(GIVEN RECORDS Opens)
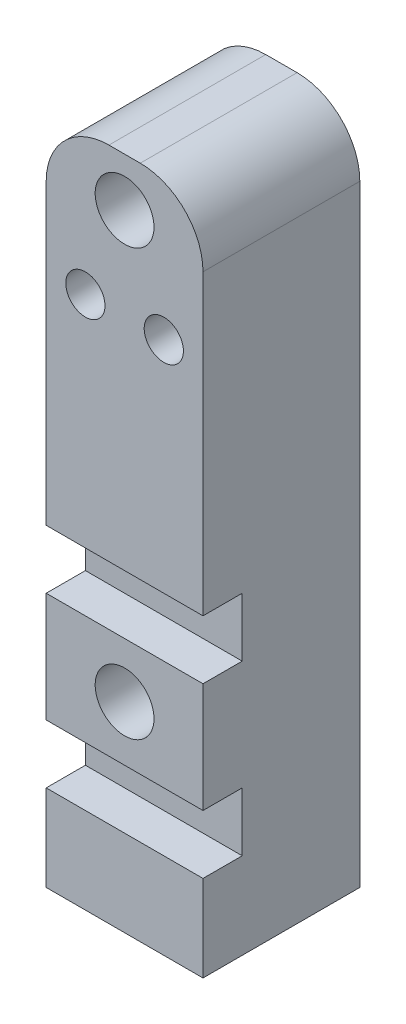
SolidWorks part; units mm, degrees
ref_plane "Front Plane" through (0, 0, 0) normal (0, 0, 1) x (1, 0, 0)
ref_plane "Top Plane" through (0, 0, 0) normal (0, 1, 0) x (1, 0, 0)
ref_plane "Right Plane" through (0, 0, 0) normal (1, 0, 0) x (0, 0, -1)
sketch "Sketch1" plane through (0, 0, 0) normal (0, 1, 0) x (1, 0, 0)
  line L1 (-0.5, 0.5) -> (0.5, 0.5)
  line L2 (-0.5, 0.5) -> (-0.5, -0.5)
  line L3 (-0.5, -0.5) -> (0.5, -0.5)
  line L4 (0.5, 0.5) -> (0.5, -0.5)
  line L5 (-0.5, 0.5) -> (0.5, -0.5) construction
  line L6 (-0.5, -0.5) -> (0.5, 0.5) construction
  point P0 (0, 0)
  dimension "D1" = 1
  dimension "D2" = 1
extrude "Boss-Extrude1" add sketch "Sketch1" along normal blind 4.3
fillet "Fillet1" radius 0.4 1 edges at (0.5, 4.3, 0)
fillet "Fillet2" radius 0.4 1 edges at (-0.5, 4.3, 0)
sketch "Sketch2" plane through (0, 0, 0) normal (0, 1, 0) x (1, 0, 0)
  circle A0 centre (0, 0) radius 0.1
  dimension "D1" = 0.2
extrude "Cut-Extrude1" cut sketch "Sketch2" along normal blind 0.7
ref_plane "Plane2" through (0, 0, 0.5) normal (0, 0, 1) x (1, 0, 0)
sketch "Sketch6" plane through (0, 0, 0.5) normal (0, 0, 1) x (1, 0, 0)
  line L0 (0, 0) -> (0, 0.55) construction
  line L1 (-0.5, 0.55) -> (0.5, 0.55)
  line L2 (0.5, 3.9) -> (0.5, 0) construction
  line L3 (0, 0.55) -> (0, 0.925) construction
  line L4 (-0.5, 0.925) -> (0.5, 0.925)
  line L5 (-0.5, 3.9) -> (-0.5, 0) construction
  line L6 (0.5, 3.9) -> (0.5, 0)
  line L7 (-0.5, 3.9) -> (-0.5, 0)
  line L8 (-0.5, 0.925) -> (-0.5, 0.55)
  line L9 (0.5, 0.925) -> (0.5, 0.55)
  point P8 (0, 0.55)
  point P12 (0, 0.925)
  dimension "D1" = 0.55
  dimension "D2" = 0.375
extrude "Cut-Extrude2" cut sketch "Sketch6" against normal blind 0.25 contours L4 L7 L1 L6
sketch "Sketch8" plane through (0, 0, 0.5) normal (0, 0, 1) x (1, 0, 0)
  line L0 (0, 0.925) -> (0, 1.625) construction
  line L1 (-0.5, 0.925) -> (0.5, 0.925) construction
  line L2 (-0.5, 1.625) -> (0.5, 1.625)
  line L3 (0.5, 3.9) -> (0.5, 0.925) construction
  line L4 (0, 1.625) -> (0, 2) construction
  line L5 (-0.5, 2) -> (0.5, 2)
  line L6 (0.5, 2) -> (0.5, 1.625)
  line L7 (-0.5, 1.625) -> (-0.5, 2)
  point P10 (0, 1.625)
  point P14 (0, 2)
  dimension "D1" = 0.7
  dimension "D2" = 0.375
extrude "Cut-Extrude3" cut sketch "Sketch8" against normal blind 0.25
sketch "Sketch9" plane through (0, 0, 0.5) normal (0, 0, 1) x (1, 0, 0)
  line L0 (0, 0.925) -> (0, 1.625) construction
  line L1 (-0.5, 0.925) -> (0.5, 0.925) construction
  line L2 (-0.5, 1.625) -> (0.5, 1.625) construction
  circle A0 centre (0, 1.275) radius 0.1875
  dimension "D1" = 0.375
extrude "Cut-Extrude4" cut sketch "Sketch9" against normal blind 1
sketch "Sketch10" plane through (0, 0, 0.5) normal (0, 0, 1) x (1, 0, 0)
  line L0 (0, 4.3) -> (0, 3.99) construction
  line L1 (-0.1, 4.3) -> (0.1, 4.3) construction
  circle A0 centre (0, 3.99) radius 0.1875
  dimension "D2" = 0.375
  dimension "D1" = 0.31
extrude "Cut-Extrude5" cut sketch "Sketch10" against normal blind 0.65
sketch "Sketch11" plane through (0, 0, 0.5) normal (0, 0, 1) x (1, 0, 0)
  line L0 (0, 4.3) -> (0, 3.4) construction
  line L1 (-0.1, 4.3) -> (0.1, 4.3) construction
  line L2 (0, 3.4) -> (0.5, 3.4) construction
  line L3 (0.5, 3.9) -> (0.5, 2) construction
  line L4 (0, 3.4) -> (-0.5, 3.4) construction
  line L5 (-0.5, 3.9) -> (-0.5, 2) construction
  line L6 (0.5, 3.4) -> (0.25, 3.4) construction
  circle A0 centre (0.25, 3.4) radius 0.125
  circle A1 centre (-0.25, 3.4) radius 0.125
  dimension "D2" = 0.25
  dimension "D3" = 0.25
  dimension "D1" = 0.9
extrude "Cut-Extrude6" cut sketch "Sketch11" against normal blind 1
sketch "Sketch12" plane through (0, 0, 0.5) normal (0, 0, 1) x (1, 0, 0)
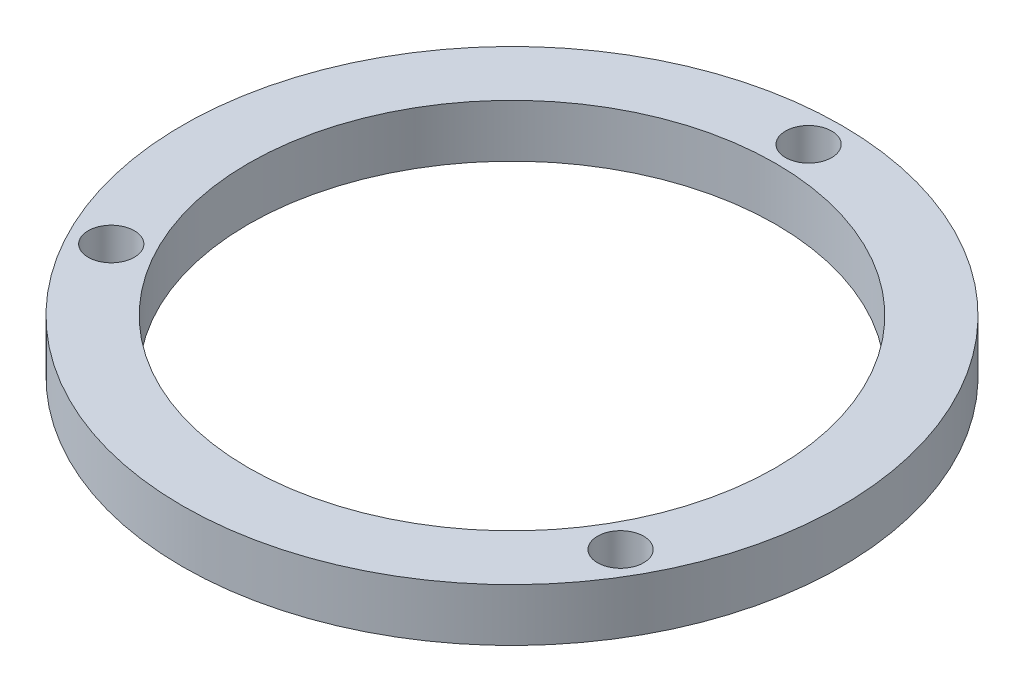
SolidWorks part; units mm, degrees
ref_plane "Ebene vorne" through (0, 0, 0) normal (0, 0, 1) x (1, 0, 0)
ref_plane "Ebene oben" through (0, 0, 0) normal (0, 1, 0) x (1, 0, 0)
ref_plane "Ebene rechts" through (0, 0, 0) normal (1, 0, 0) x (0, 0, -1)
sketch "Skizze2" plane through (0, 0, 0) normal (0, 1, 0) x (1, 0, 0)
  line L0 (0, 0) -> (43.3013, -25) construction
  line L1 (0, 0) -> (-44.2239, -23.3291) construction
  line L2 (0, 45) -> (0, -45) construction
  circle A0 centre (0, 0) radius 50
  circle A1 centre (0, 0) radius 45
  circle A2 centre (38.9711, -22.5) radius 2
  circle A3 centre (-39.8015, -20.9962) radius 2
  circle A4 centre (0, 45) radius 2
  circle A5 centre (0, -35) radius 2
  circle A6 centre (0, -27.5) radius 2
  dimension "D1" = 100
  dimension "D2" = 90
extrude "Aufsatz-Linear austragen1" add sketch "Skizze2" along normal blind 8 contours A4 A1 A3 A2 A6 A5 | A0 A4 A1 A2 A3
sketch "Skizze9" plane through (0, 8, 0) normal (0, 1, 0) x (1, 0, 0)
  line L2 (-6, -39.5312) -> (-6, -22.5312)
  line L3 (-6, -22.5312) -> (6, -22.5312)
  line L4 (6, -39.5312) -> (6, -22.5312)
  arc A0 (-6, -39.5312) -> (6, -39.5312) centre (0, 0) cw
  point P4 (0, -27.5)
extrude "Schnitt-Linear austragen2" cut sketch "Skizze9" against normal blind 3
sketch "Skizze10" plane through (0, 0, 0) normal (0, -1, 0) x (1, 0, 0)
  circle A2 centre (38.9711, 22.5) radius 3.5
  circle A3 centre (-39.8015, 20.9962) radius 3.5
  circle A4 centre (0, -45) radius 3.5
sketch "Skizze39" plane through (0, 0, 0) normal (0, -1, 0) x (-1, 0, 0)
  circle A0 centre (0, 0) radius 40
extrude "Schnitt-Linear austragen3" cut sketch "Skizze39" against normal blind 10
extrude "Schnitt-Linear austragen4" cut sketch "Skizze10" against normal blind 10
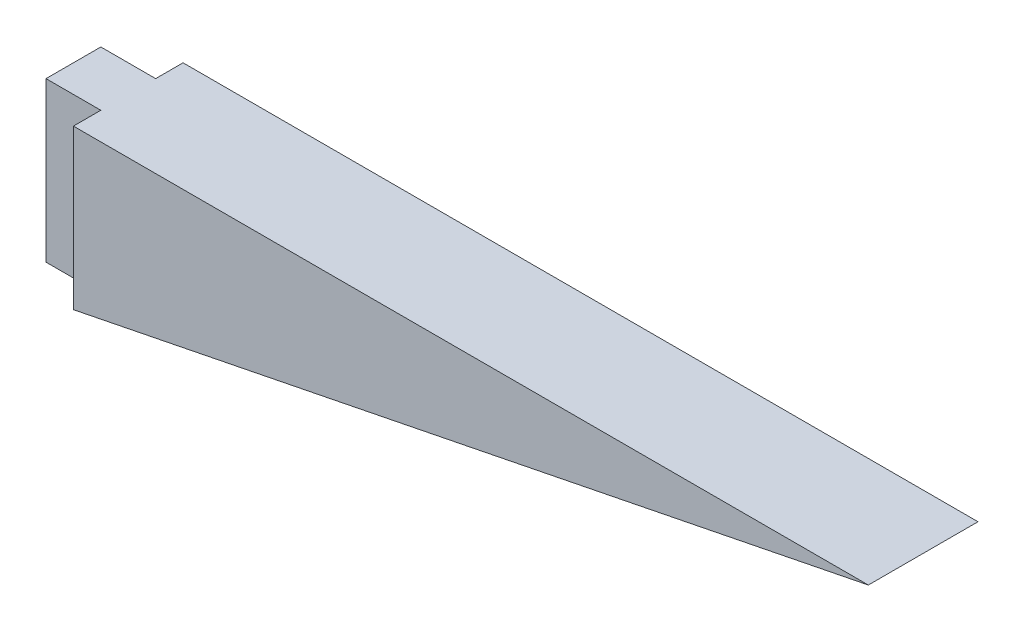
SolidWorks part; units mm, degrees
ref_plane "Front Plane" through (0, 0, 0) normal (0, 0, 1) x (1, 0, 0)
ref_plane "Top Plane" through (0, 0, 0) normal (0, 1, 0) x (1, 0, 0)
ref_plane "Right Plane" through (0, 0, 0) normal (1, 0, 0) x (0, 0, -1)
sketch "Sketch2" plane through (0, 0, 0) normal (0, 1, 0) x (1, 0, 0)
  line L1 (0, 0) -> (14.5, 0)
  line L2 (0, 0) -> (0, 2)
  line L3 (0, 2) -> (14.5, 2)
  line L4 (14.5, 0) -> (14.5, 2)
extrude "Boss-Extrude1" add sketch "Sketch2" along normal blind 3
sketch "Sketch5" plane through (0, 0, 0) normal (0, 0, 1) x (1, 0, 0)
  line L0 (14.5, 3) -> (-1.1893, -0.1379)
  line L1 (14.5, 3) -> (14.5, -0.1379)
  line L3 (14.5, -0.1379) -> (-1.1893, -0.1379)
extrude "Cut-Extrude2" cut sketch "Sketch5" against normal blind 10
sketch "Sketch6" plane through (0, 0, 0) normal (-1, 0, 0) x (0, 0, 1)
  line L0 (-2, 3) -> (0, 3) construction
  line L1 (-1.5, 3) -> (-0.5, 3)
  line L2 (-1.5, 3) -> (-1.5, 0.1)
  line L3 (-1.5, 0.1) -> (-0.5, 0.1)
  line L4 (-0.5, 3) -> (-0.5, 0.1)
  line L5 (-2, 0.1) -> (0, 0.1) construction
extrude "Boss-Extrude3" add sketch "Sketch6" along normal blind 1
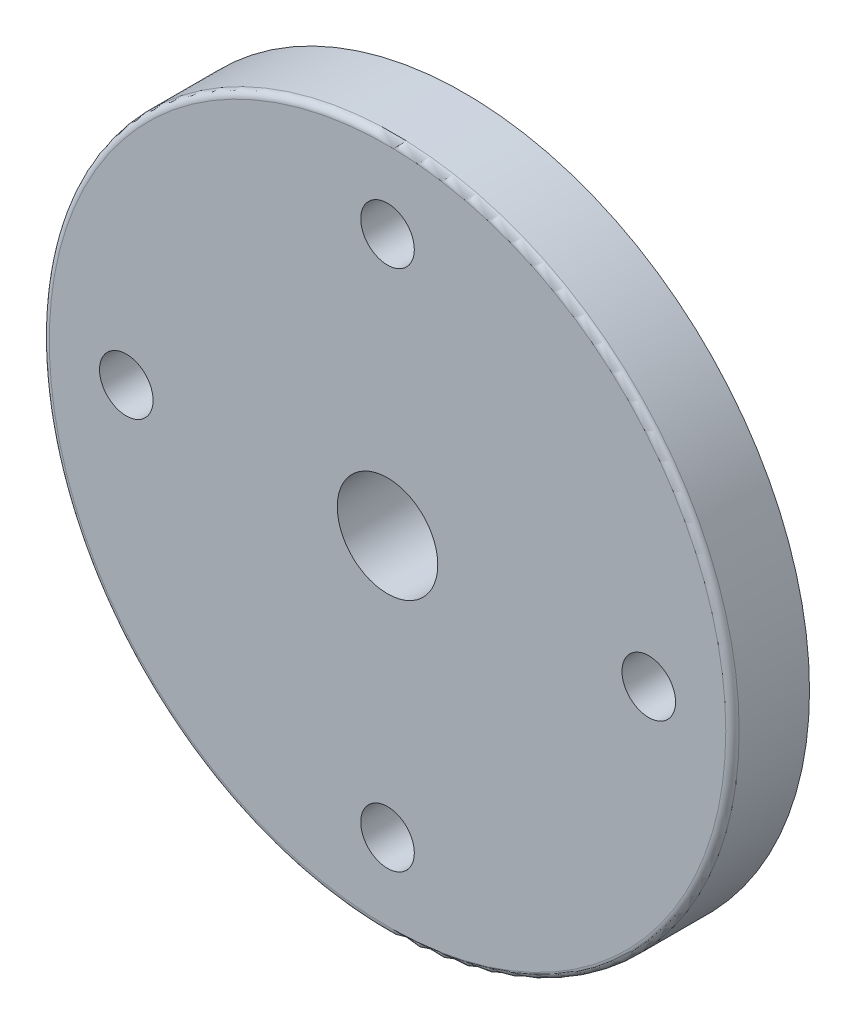
SolidWorks part; units mm, degrees
material "PLA_Circular_Horn"
ref_plane "Front Plane" through (0, 0, 0) normal (0, 0, 1) x (1, 0, 0)
ref_plane "Top Plane" through (0, 0, 0) normal (0, 1, 0) x (1, 0, 0)
ref_plane "Right Plane" through (0, 0, 0) normal (1, 0, 0) x (0, 0, -1)
ref_plane "Plane1" through (0, 0, -2.5) normal (0, 0, -1) x (-1, 0, 0)
sketch "Sketch1" plane through (0, 0, -2.5) normal (0, 0, -1) x (-1, 0, 0)
  circle A0 centre (0, 0) radius 10.3
  dimension "D1" = 20.6
extrude "Boss-Extrude1" add sketch "Sketch1" against normal blind 2.3
sketch "Sketch2" plane through (0, 0, -2.5) normal (0, 0, -1) x (-1, 0, 0)
  circle A0 centre (0, 0) radius 4.375
  dimension "D1" = 8.75
extrude "Boss-Extrude2" add sketch "Sketch2" along normal blind 3.2
sketch "Sketch3" plane through (0, 0, -5.7) normal (0, 0, -1) x (-1, 0, 0)
  circle A0 centre (0, 0) radius 3
  dimension "D1" = 6
extrude "Cut-Extrude1" cut sketch "Sketch3" against normal blind 2.75
sketch "Sketch4" plane through (0, 0, -0.2) normal (0, 0, 1) x (1, 0, 0)
  circle A0 centre (0, 0) radius 1.5
extrude "Cut-Extrude2" cut sketch "Sketch4" against normal through all
sketch "Sketch12" plane through (0, 0, -2.5) normal (0, 0, -1) x (-1, 0, 0)
  circle A0 centre (0, 7.8) radius 0.8
  circle A1 centre (0, 0) radius 7.8 construction
  circle A2 centre (7.8, 0) radius 0.8
  circle A3 centre (0, -7.8) radius 0.8
  circle A4 centre (-7.8, 0) radius 0.8
  point P14 (0, 0)
  dimension "D1" = 1.6
  dimension "D2" = 15.6
  dimension "D3" = 4
extrude "Cut-Extrude10" cut sketch "Sketch12" against normal through all
fillet "Fillet2" radius 0.2 1 edges at (10.3, 0, -0.2)
fillet "Fillet3" radius 0.3 1 edges at (-4.375, 0, -5.7)
(GIVEN RECORDS Closes)
Extract each line from the entries above that contains the string "contours".

extrude "Cut-Extrude2" cut sketch "Sketch6" against normal blind 0.25 contours L4 L7 L1 L6
extrude "Aufsatz-Linear austragen1" add sketch "Skizze2" along normal blind 8 contours A4 A1 A3 A2 A6 A5 | A0 A4 A1 A2 A3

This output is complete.